Below are the records; give again exactly the lines that run from the one with "[picture p0: Inventor's" through the last line.
= = = = = = =
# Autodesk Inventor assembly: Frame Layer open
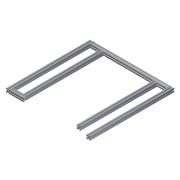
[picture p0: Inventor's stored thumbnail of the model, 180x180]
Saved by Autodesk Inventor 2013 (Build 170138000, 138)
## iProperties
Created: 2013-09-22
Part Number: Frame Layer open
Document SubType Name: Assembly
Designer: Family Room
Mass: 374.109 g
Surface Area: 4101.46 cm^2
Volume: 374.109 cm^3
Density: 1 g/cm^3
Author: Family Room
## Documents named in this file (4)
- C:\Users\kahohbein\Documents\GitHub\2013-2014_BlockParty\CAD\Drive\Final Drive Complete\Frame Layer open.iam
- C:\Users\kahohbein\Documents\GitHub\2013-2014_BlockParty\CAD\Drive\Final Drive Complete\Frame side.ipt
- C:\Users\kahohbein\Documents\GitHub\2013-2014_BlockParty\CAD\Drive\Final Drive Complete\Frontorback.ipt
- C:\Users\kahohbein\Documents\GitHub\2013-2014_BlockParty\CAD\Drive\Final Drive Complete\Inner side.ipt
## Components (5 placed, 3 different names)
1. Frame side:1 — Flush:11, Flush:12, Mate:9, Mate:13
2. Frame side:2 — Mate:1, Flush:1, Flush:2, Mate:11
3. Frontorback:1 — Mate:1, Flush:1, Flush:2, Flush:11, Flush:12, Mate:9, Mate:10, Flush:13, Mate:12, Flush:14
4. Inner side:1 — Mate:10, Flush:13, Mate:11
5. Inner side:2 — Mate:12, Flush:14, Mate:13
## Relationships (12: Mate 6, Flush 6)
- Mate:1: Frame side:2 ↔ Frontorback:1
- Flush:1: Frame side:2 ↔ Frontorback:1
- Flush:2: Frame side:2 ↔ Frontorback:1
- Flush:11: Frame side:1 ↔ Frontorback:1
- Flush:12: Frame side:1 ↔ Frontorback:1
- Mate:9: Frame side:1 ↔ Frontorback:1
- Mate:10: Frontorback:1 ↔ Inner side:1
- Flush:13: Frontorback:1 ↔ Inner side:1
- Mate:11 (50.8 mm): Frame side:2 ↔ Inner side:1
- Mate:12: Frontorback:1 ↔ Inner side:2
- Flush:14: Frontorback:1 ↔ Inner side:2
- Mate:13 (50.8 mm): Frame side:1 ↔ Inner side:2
= = = = = = =
* _Written solution_
[picture p0: Inventor's stored thumbnail of the model, 180x180]
Saved by Autodesk Inventor 2013 (Build 170138000, 138)
## iProperties
Created: 2013-09-22
Part Number: Frame Layer open
Document SubType Name: Assembly
Designer: Family Room
Mass: 374.109 g
Surface Area: 4101.46 cm^2
Volume: 374.109 cm^3
Density: 1 g/cm^3
Author: Family Room
## Documents named in this file (4)
- C:\Users\kahohbein\Documents\GitHub\2013-2014_BlockParty\CAD\Drive\Final Drive Complete\Frame Layer open.iam
- C:\Users\kahohbein\Documents\GitHub\2013-2014_BlockParty\CAD\Drive\Final Drive Complete\Frame side.ipt
- C:\Users\kahohbein\Documents\GitHub\2013-2014_BlockParty\CAD\Drive\Final Drive Complete\Frontorback.ipt
- C:\Users\kahohbein\Documents\GitHub\2013-2014_BlockParty\CAD\Drive\Final Drive Complete\Inner side.ipt
## Components (5 placed, 3 different names)
1. Frame side:1 — Flush:11, Flush:12, Mate:9, Mate:13
2. Frame side:2 — Mate:1, Flush:1, Flush:2, Mate:11
3. Frontorback:1 — Mate:1, Flush:1, Flush:2, Flush:11, Flush:12, Mate:9, Mate:10, Flush:13, Mate:12, Flush:14
4. Inner side:1 — Mate:10, Flush:13, Mate:11
5. Inner side:2 — Mate:12, Flush:14, Mate:13
## Relationships (12: Mate 6, Flush 6)
- Mate:1: Frame side:2 ↔ Frontorback:1
- Flush:1: Frame side:2 ↔ Frontorback:1
- Flush:2: Frame side:2 ↔ Frontorback:1
- Flush:11: Frame side:1 ↔ Frontorback:1
- Flush:12: Frame side:1 ↔ Frontorback:1
- Mate:9: Frame side:1 ↔ Frontorback:1
- Mate:10: Frontorback:1 ↔ Inner side:1
- Flush:13: Frontorback:1 ↔ Inner side:1
- Mate:11 (50.8 mm): Frame side:2 ↔ Inner side:1
- Mate:12: Frontorback:1 ↔ Inner side:2
- Flush:14: Frontorback:1 ↔ Inner side:2
- Mate:13 (50.8 mm): Frame side:1 ↔ Inner side:2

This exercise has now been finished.